_Task details_
Across these entries, report how many lines include the string "linetype", with nothing but the number.

*** Exercise data Section Begins ***

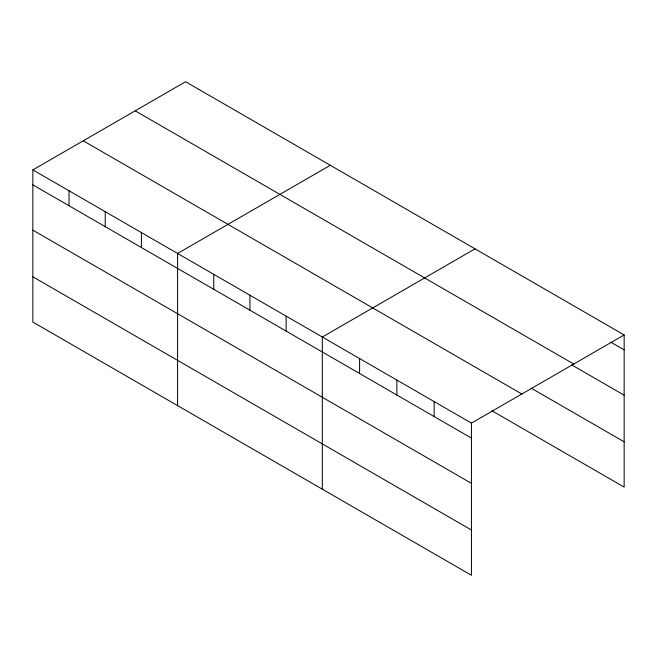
<?xml version="1.0" encoding="UTF-8"?>
<svg xmlns="http://www.w3.org/2000/svg" width="657" height="657" viewBox="0 0 657 657"><rect width="100%" height="100%" fill="white"/><g stroke="black" fill="none" stroke-linecap="round" stroke-linejoin="round"><path stroke-width="0.99" d="M471.43 483.347L471.43 423.108L32.85 169.9L32.85 322.061L471.43 575.269L471.43 483.347L32.85 230.139M491.896 410.748L624.15 487.1L624.15 334.939L185.57 81.731L32.85 169.9M330.299 165.285L177.579 253.454L177.579 405.624M475.036 248.847L322.316 337.016L322.316 489.178M471.43 423.108L624.15 334.939M610.838 342.215L624.15 349.902M135.17 110.819L573.75 364.035M571.779 364.947L624.15 395.177M530.955 388.016L624.15 441.824M83.25 140.803L521.83 394.011M32.85 184.863L471.43 438.071M32.85 276.786L471.43 529.994M434.154 401.591L434.154 416.546M396.877 380.066L396.877 395.029M359.593 358.541L359.593 373.505M286.132 316.132L286.132 331.087M249.947 295.239L249.947 310.203M213.763 274.347L213.763 289.31M141.403 232.57L141.403 247.533M105.219 211.677L105.219 226.64M69.034 190.785L69.034 205.748"/></g></svg>
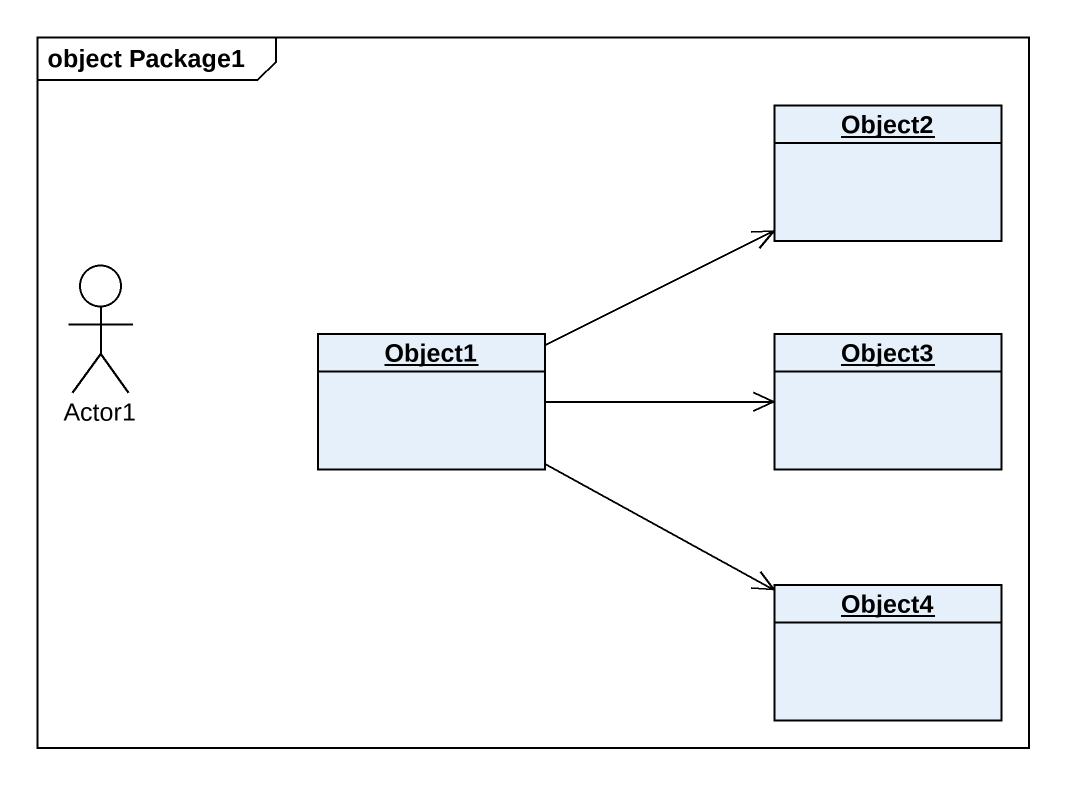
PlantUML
@startuml
mainframe object Package1
allowmixing
hide circle
hide empty members
object Object2
actor Actor1
object Object1
object Object3
object Object4
Object1 -right-> Object2
Object1 -right-> Object3
Object1 -right-> Object4
@enduml
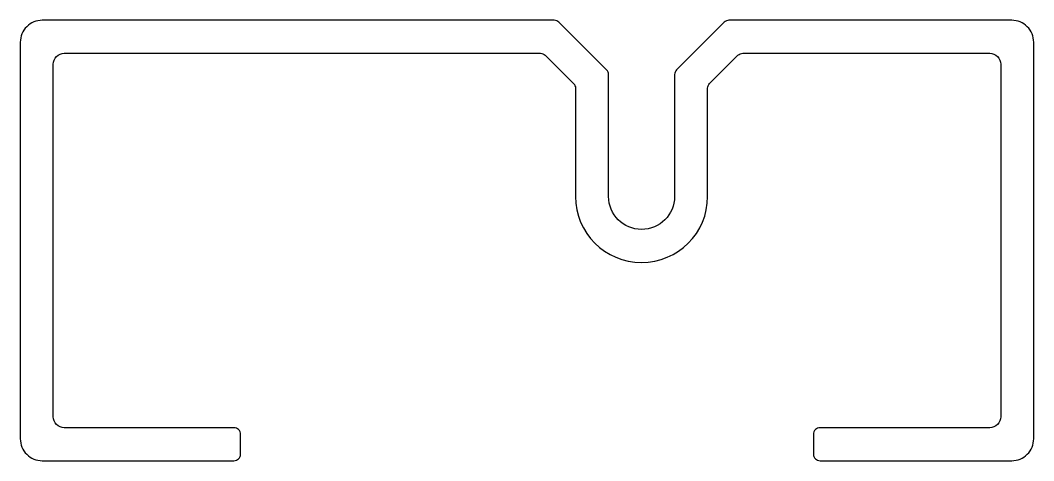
# Model space of a CAD drawing. Extents: x 12149.6 to 12195.6, y 118.8 to 138.8.
import ezdxf

# ---------------------------------------------------------------- set-up
doc = ezdxf.new("R2010")
doc.units = 0
doc.layers.get('0').update_dxf_attribs({"linetype": 'CONTINUOUS'})

msp = doc.modelspace()

# ---------------------------------------------------------------- linework, layer by layer
at = {"color": 7, "linetype": 'CONTINUOUS'}
msp.add_lwpolyline([(12150.555, 138.84, 0.414214), (12149.555, 137.84), (12149.555, 119.84, 0.414214), (12150.555, 118.84), (12159.255, 118.84, 0.414214), (12159.555, 119.14), (12159.555, 120.04, 0.414214), (12159.255, 120.34), (12151.555, 120.34, -0.414214), (12151.055, 120.84), (12151.055, 136.84, -0.414214), (12151.555, 137.34), (12173.166, 137.34, -0.198912), (12173.378, 137.252), (12174.667, 135.963, -0.198912), (12174.755, 135.751), (12174.755, 130.84, 1), (12180.755, 130.84), (12180.755, 135.751, -0.198912), (12180.843, 135.963), (12182.132, 137.252, -0.198912), (12182.344, 137.34), (12193.555, 137.34, -0.414214), (12194.055, 136.84), (12194.055, 120.84, -0.414214), (12193.555, 120.34), (12185.855, 120.34, 0.414214), (12185.555, 120.04), (12185.555, 119.14, 0.414214), (12185.855, 118.84), (12194.555, 118.84, 0.414214), (12195.555, 119.84), (12195.555, 137.84, 0.414214), (12194.555, 138.84), (12181.722, 138.84, 0.198912), (12181.51, 138.752), (12179.343, 136.584, 0.198912), (12179.255, 136.372), (12179.255, 130.84, -1), (12176.255, 130.84), (12176.255, 136.372, 0.198912), (12176.167, 136.584), (12174, 138.752, 0.198912), (12173.788, 138.84)], format="xyb", close=True, dxfattribs=at)

doc.saveas('drawing.dxf')

*** Exercise data Section Ends ***

_Output of the exercise_
2